- **TASK INSTRUCTIONS**:
The required answer is an exact copy of every line from the beginning of the entries through the line with "#26=DIRECTION('',(1.,0.,0.));", with all pictures omitted.

++++ RECORD EXTRACTS ++++

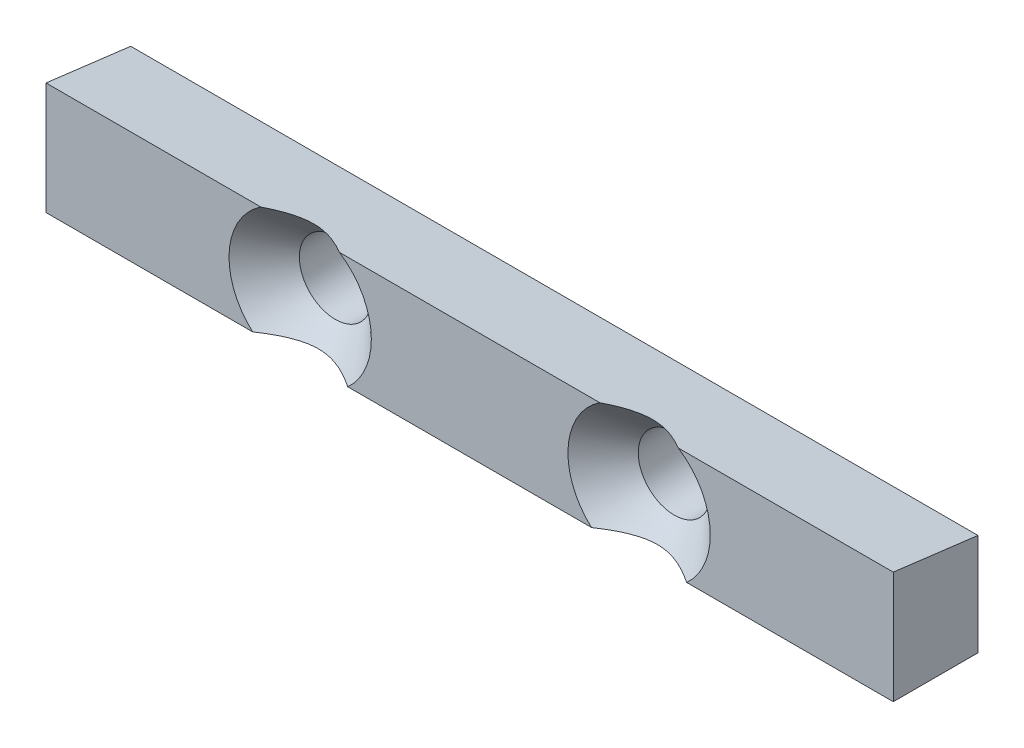
ISO-10303-21;
HEADER;
FILE_DESCRIPTION(('STEP AP214'),'2;1');
FILE_NAME('part.step','',(''),(''),'','','');
FILE_SCHEMA(('AUTOMOTIVE_DESIGN { 1 0 10303 214 1 1 1 1 }'));
ENDSEC;
DATA;
#1=APPLICATION_CONTEXT('core data for automotive mechanical design processes');
#2=APPLICATION_PROTOCOL_DEFINITION('international standard','automotive_design',2000,#1);
#3=PRODUCT_CONTEXT('',#1,'mechanical');
#4=PRODUCT('Part','Part','',(#3));
#5=PRODUCT_RELATED_PRODUCT_CATEGORY('part','',(#4));
#6=PRODUCT_DEFINITION_FORMATION('','',#4);
#7=PRODUCT_DEFINITION_CONTEXT('part definition',#1,'design');
#8=PRODUCT_DEFINITION('design','',#6,#7);
#9=PRODUCT_DEFINITION_SHAPE('','',#8);
#10=(LENGTH_UNIT() NAMED_UNIT(*) SI_UNIT(.MILLI.,.METRE.));
#11=(NAMED_UNIT(*) PLANE_ANGLE_UNIT() SI_UNIT($,.RADIAN.));
#12=(NAMED_UNIT(*) SI_UNIT($,.STERADIAN.) SOLID_ANGLE_UNIT());
#13=UNCERTAINTY_MEASURE_WITH_UNIT(LENGTH_MEASURE(1.E-05),#10,'distance_accuracy_value','');
#14=(GEOMETRIC_REPRESENTATION_CONTEXT(3) GLOBAL_UNCERTAINTY_ASSIGNED_CONTEXT((#13)) GLOBAL_UNIT_ASSIGNED_CONTEXT((#10,
#11,#12)) REPRESENTATION_CONTEXT('',''));
#15=CARTESIAN_POINT('',(0.,0.,0.));
#16=DIRECTION('',(0.,0.,1.));
#17=DIRECTION('',(1.,0.,0.));
#18=AXIS2_PLACEMENT_3D('',#15,#16,#17);
#19=CARTESIAN_POINT('',(0.,0.,4.));
#20=DIRECTION('',(0.,0.,-1.));
#21=DIRECTION('',(-1.,0.,0.));
#22=AXIS2_PLACEMENT_3D('',#19,#20,#21);
#23=PLANE('',#22);
#24=CARTESIAN_POINT('',(12.,2.5,4.));
#25=DIRECTION('',(0.,0.,1.));
#26=DIRECTION('',(1.,0.,0.));
#27=AXIS2_PLACEMENT_3D('',#24,#25,#26);
#28=CIRCLE('',#27,3.36);
#29=CARTESIAN_POINT('',(10.142690117401,5.3,4.));
#30=VERTEX_POINT('',#29);
#31=CARTESIAN_POINT('',(9.75509465678395,0.,4.));
#32=VERTEX_POINT('',#31);
#33=EDGE_CURVE('E54',#30,#32,#28,.T.);
#34=ORIENTED_EDGE('',*,*,#33,.F.);
#35=DIRECTION('',(-1.,0.,0.));
#36=VECTOR('',#35,1.);
#37=CARTESIAN_POINT('',(0.,5.3,4.));
#38=LINE('',#37,#36);
#39=CARTESIAN_POINT('',(0.,5.3,4.));
#40=VERTEX_POINT('',#39);
#41=EDGE_CURVE('E115',#30,#40,#38,.T.);
#42=ORIENTED_EDGE('',*,*,#41,.T.);
#43=DIRECTION('',(0.,-1.,0.));
#44=VECTOR('',#43,1.);
#45=CARTESIAN_POINT('',(0.,0.,4.));
#46=LINE('',#45,#44);
#47=CARTESIAN_POINT('',(0.,0.,4.));
#48=VERTEX_POINT('',#47);
#49=EDGE_CURVE('E137',#40,#48,#46,.T.);
#50=ORIENTED_EDGE('',*,*,#49,.T.);
#51=DIRECTION('',(1.,0.,0.));
#52=VECTOR('',#51,1.);
#53=CARTESIAN_POINT('',(0.,0.,4.));
#54=LINE('',#53,#52);
#55=EDGE_CURVE('E223',#48,#32,#54,.T.);
#56=ORIENTED_EDGE('',*,*,#55,.T.);
#57=EDGE_LOOP('',(#34,#42,#50,#56));
#58=FACE_BOUND('',#57,.T.);
#59=ADVANCED_FACE('F35',(#58),#23,.F.);
#60=CARTESIAN_POINT('',(14.2449053432161,0.,4.));
#61=VERTEX_POINT('',#60);
#62=CARTESIAN_POINT('',(13.857309882599,5.3,4.));
#63=VERTEX_POINT('',#62);
#64=EDGE_CURVE('E102',#61,#63,#28,.T.);
#65=ORIENTED_EDGE('',*,*,#64,.F.);
#66=CARTESIAN_POINT('',(25.755094656784,0.,4.));
#67=VERTEX_POINT('',#66);
#68=EDGE_CURVE('E61',#61,#67,#54,.T.);
#69=ORIENTED_EDGE('',*,*,#68,.T.);
#70=CARTESIAN_POINT('',(28.,2.5,4.));
#71=DIRECTION('',(0.,0.,1.));
#72=DIRECTION('',(1.,0.,0.));
#73=AXIS2_PLACEMENT_3D('',#70,#71,#72);
#74=CIRCLE('',#73,3.36);
#75=CARTESIAN_POINT('',(26.142690117401,5.3,4.));
#76=VERTEX_POINT('',#75);
#77=EDGE_CURVE('E120',#76,#67,#74,.T.);
#78=ORIENTED_EDGE('',*,*,#77,.F.);
#79=EDGE_CURVE('E113',#76,#63,#38,.T.);
#80=ORIENTED_EDGE('',*,*,#79,.T.);
#81=EDGE_LOOP('',(#65,#69,#78,#80));
#82=FACE_BOUND('',#81,.T.);
#83=ADVANCED_FACE('F119',(#82),#23,.F.);
#84=CARTESIAN_POINT('',(30.2449053432161,0.,4.));
#85=VERTEX_POINT('',#84);
#86=CARTESIAN_POINT('',(29.857309882599,5.3,4.));
#87=VERTEX_POINT('',#86);
#88=EDGE_CURVE('E116',#85,#87,#74,.T.);
#89=ORIENTED_EDGE('',*,*,#88,.F.);
#90=CARTESIAN_POINT('',(40.,0.,4.));
#91=VERTEX_POINT('',#90);
#92=EDGE_CURVE('E220',#85,#91,#54,.T.);
#93=ORIENTED_EDGE('',*,*,#92,.T.);
#94=DIRECTION('',(0.,1.,0.));
#95=VECTOR('',#94,1.);
#96=CARTESIAN_POINT('',(40.,0.,4.));
#97=LINE('',#96,#95);
#98=CARTESIAN_POINT('',(40.,5.3,4.));
#99=VERTEX_POINT('',#98);
#100=EDGE_CURVE('E125',#91,#99,#97,.T.);
#101=ORIENTED_EDGE('',*,*,#100,.T.);
#102=EDGE_CURVE('E121',#99,#87,#38,.T.);
#103=ORIENTED_EDGE('',*,*,#102,.T.);
#104=EDGE_LOOP('',(#89,#93,#101,#103));
#105=FACE_BOUND('',#104,.T.);
#106=ADVANCED_FACE('F168',(#105),#23,.F.);
#107=CARTESIAN_POINT('',(0.,0.,4.));
#108=DIRECTION('',(1.,0.,0.));
#109=DIRECTION('',(0.,0.,-1.));
#110=AXIS2_PLACEMENT_3D('',#107,#108,#109);
#111=PLANE('',#110);
#112=ORIENTED_EDGE('',*,*,#49,.F.);
#113=DIRECTION('',(0.,-0.124034734589208,-0.992277876713668));
#114=VECTOR('',#113,1.);
#115=CARTESIAN_POINT('',(0.,4.8,0.));
#116=LINE('',#115,#114);
#117=CARTESIAN_POINT('',(0.,4.8,0.));
#118=VERTEX_POINT('',#117);
#119=EDGE_CURVE('E212',#40,#118,#116,.T.);
#120=ORIENTED_EDGE('',*,*,#119,.T.);
#121=DIRECTION('',(0.,-1.,0.));
#122=VECTOR('',#121,1.);
#123=CARTESIAN_POINT('',(0.,0.,0.));
#124=LINE('',#123,#122);
#125=CARTESIAN_POINT('',(0.,0.,0.));
#126=VERTEX_POINT('',#125);
#127=EDGE_CURVE('E129',#118,#126,#124,.T.);
#128=ORIENTED_EDGE('',*,*,#127,.T.);
#129=DIRECTION('',(0.,0.,-1.));
#130=VECTOR('',#129,1.);
#131=CARTESIAN_POINT('',(0.,0.,4.));
#132=LINE('',#131,#130);
#133=EDGE_CURVE('E140',#48,#126,#132,.T.);
#134=ORIENTED_EDGE('',*,*,#133,.F.);
#135=EDGE_LOOP('',(#112,#120,#128,#134));
#136=FACE_BOUND('',#135,.T.);
#137=ADVANCED_FACE('F37',(#136),#111,.F.);
#138=CARTESIAN_POINT('',(0.,0.,4.));
#139=DIRECTION('',(0.,1.,0.));
#140=DIRECTION('',(0.,0.,1.));
#141=AXIS2_PLACEMENT_3D('',#138,#139,#140);
#142=PLANE('',#141);
#143=ORIENTED_EDGE('',*,*,#68,.F.);
#144=CARTESIAN_POINT('',(7.10959414267506,0.,6.13236465007179));
#145=CARTESIAN_POINT('',(7.22257672798043,0.,6.03178052000878));
#146=CARTESIAN_POINT('',(7.33590490392407,0.,5.93158089696772));
#147=CARTESIAN_POINT('',(7.56343593333905,0.,5.73215625210405));
#148=CARTESIAN_POINT('',(7.67763887687024,0.,5.63293133309703));
#149=CARTESIAN_POINT('',(7.90756722529896,0.,5.43526341119713));
#150=CARTESIAN_POINT('',(8.02329703901976,0.,5.33682552709668));
#151=CARTESIAN_POINT('',(8.25603143741055,0.,5.14147696706215));
#152=CARTESIAN_POINT('',(8.37303596138781,0.,5.04456621894948));
#153=CARTESIAN_POINT('',(8.61550039812195,0.,4.84708900389199));
#154=CARTESIAN_POINT('',(8.7410554428895,0.,4.74663899146112));
#155=CARTESIAN_POINT('',(8.99441364950858,0.,4.54861817784382));
#156=CARTESIAN_POINT('',(9.12221667016262,0.,4.45104719684616));
#157=CARTESIAN_POINT('',(9.38050552195276,0.,4.25997314367807));
#158=CARTESIAN_POINT('',(9.5109864117464,0.,4.16646342460601));
#159=CARTESIAN_POINT('',(9.77566943198212,0.,3.98489838633695));
#160=CARTESIAN_POINT('',(9.90987023405457,0.,3.89684115549075));
#161=CARTESIAN_POINT('',(10.1424054126427,0.,3.75367499047655));
#162=CARTESIAN_POINT('',(10.2395045849948,0.,3.69656988049931));
#163=CARTESIAN_POINT('',(10.4365966693813,0.,3.58745400729232));
#164=CARTESIAN_POINT('',(10.5365904938607,0.,3.53544487356239));
#165=CARTESIAN_POINT('',(10.7390152956502,0.,3.43861547546684));
#166=CARTESIAN_POINT('',(10.8414190155523,0.,3.39373890977025));
#167=CARTESIAN_POINT('',(11.0496687589402,0.,3.31281715643526));
#168=CARTESIAN_POINT('',(11.1555124646676,0.,3.2767661566176));
#169=CARTESIAN_POINT('',(11.3357110529208,0.,3.22580962828511));
#170=CARTESIAN_POINT('',(11.409196614111,0.,3.20783514047001));
#171=CARTESIAN_POINT('',(11.5573815379837,0.,3.17784412026151));
#172=CARTESIAN_POINT('',(11.6320806900963,0.,3.16582656544739));
#173=CARTESIAN_POINT('',(11.782038709295,0.,3.14838201335273));
#174=CARTESIAN_POINT('',(11.8572953618472,0.,3.14293624727558));
#175=CARTESIAN_POINT('',(12.0079967110219,0.,3.13887804612208));
#176=CARTESIAN_POINT('',(12.0834414091559,0.,3.14026566615237));
#177=CARTESIAN_POINT('',(12.2337715726226,0.,3.14978663579495));
#178=CARTESIAN_POINT('',(12.3086577558612,0.,3.15790883876889));
#179=CARTESIAN_POINT('',(12.4574805374939,0.,3.18044740431064));
#180=CARTESIAN_POINT('',(12.5314169039774,0.,3.19486527507422));
#181=CARTESIAN_POINT('',(12.6782289890921,0.,3.2293784091974));
#182=CARTESIAN_POINT('',(12.7510996695197,0.,3.24949483254387));
#183=CARTESIAN_POINT('',(12.8952999249293,0.,3.29459403665136));
#184=CARTESIAN_POINT('',(12.9666295034499,0.,3.31957680623691));
#185=CARTESIAN_POINT('',(13.1287020310676,0.,3.38168094109262));
#186=CARTESIAN_POINT('',(13.2189059246737,0.,3.42020223919005));
#187=CARTESIAN_POINT('',(13.3968165345856,0.,3.5026697227687));
#188=CARTESIAN_POINT('',(13.4845219766713,0.,3.54661861747562));
#189=CARTESIAN_POINT('',(13.6578209416963,0.,3.63882962992385));
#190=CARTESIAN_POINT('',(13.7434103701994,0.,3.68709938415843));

++++

- **TASK OUTPUT**:
ISO-10303-21;
HEADER;
FILE_DESCRIPTION(('STEP AP214'),'2;1');
FILE_NAME('part.step','',(''),(''),'','','');
FILE_SCHEMA(('AUTOMOTIVE_DESIGN { 1 0 10303 214 1 1 1 1 }'));
ENDSEC;
DATA;
#1=APPLICATION_CONTEXT('core data for automotive mechanical design processes');
#2=APPLICATION_PROTOCOL_DEFINITION('international standard','automotive_design',2000,#1);
#3=PRODUCT_CONTEXT('',#1,'mechanical');
#4=PRODUCT('Part','Part','',(#3));
#5=PRODUCT_RELATED_PRODUCT_CATEGORY('part','',(#4));
#6=PRODUCT_DEFINITION_FORMATION('','',#4);
#7=PRODUCT_DEFINITION_CONTEXT('part definition',#1,'design');
#8=PRODUCT_DEFINITION('design','',#6,#7);
#9=PRODUCT_DEFINITION_SHAPE('','',#8);
#10=(LENGTH_UNIT() NAMED_UNIT(*) SI_UNIT(.MILLI.,.METRE.));
#11=(NAMED_UNIT(*) PLANE_ANGLE_UNIT() SI_UNIT($,.RADIAN.));
#12=(NAMED_UNIT(*) SI_UNIT($,.STERADIAN.) SOLID_ANGLE_UNIT());
#13=UNCERTAINTY_MEASURE_WITH_UNIT(LENGTH_MEASURE(1.E-05),#10,'distance_accuracy_value','');
#14=(GEOMETRIC_REPRESENTATION_CONTEXT(3) GLOBAL_UNCERTAINTY_ASSIGNED_CONTEXT((#13)) GLOBAL_UNIT_ASSIGNED_CONTEXT((#10,
#11,#12)) REPRESENTATION_CONTEXT('',''));
#15=CARTESIAN_POINT('',(0.,0.,0.));
#16=DIRECTION('',(0.,0.,1.));
#17=DIRECTION('',(1.,0.,0.));
#18=AXIS2_PLACEMENT_3D('',#15,#16,#17);
#19=CARTESIAN_POINT('',(0.,0.,4.));
#20=DIRECTION('',(0.,0.,-1.));
#21=DIRECTION('',(-1.,0.,0.));
#22=AXIS2_PLACEMENT_3D('',#19,#20,#21);
#23=PLANE('',#22);
#24=CARTESIAN_POINT('',(12.,2.5,4.));
#25=DIRECTION('',(0.,0.,1.));
#26=DIRECTION('',(1.,0.,0.));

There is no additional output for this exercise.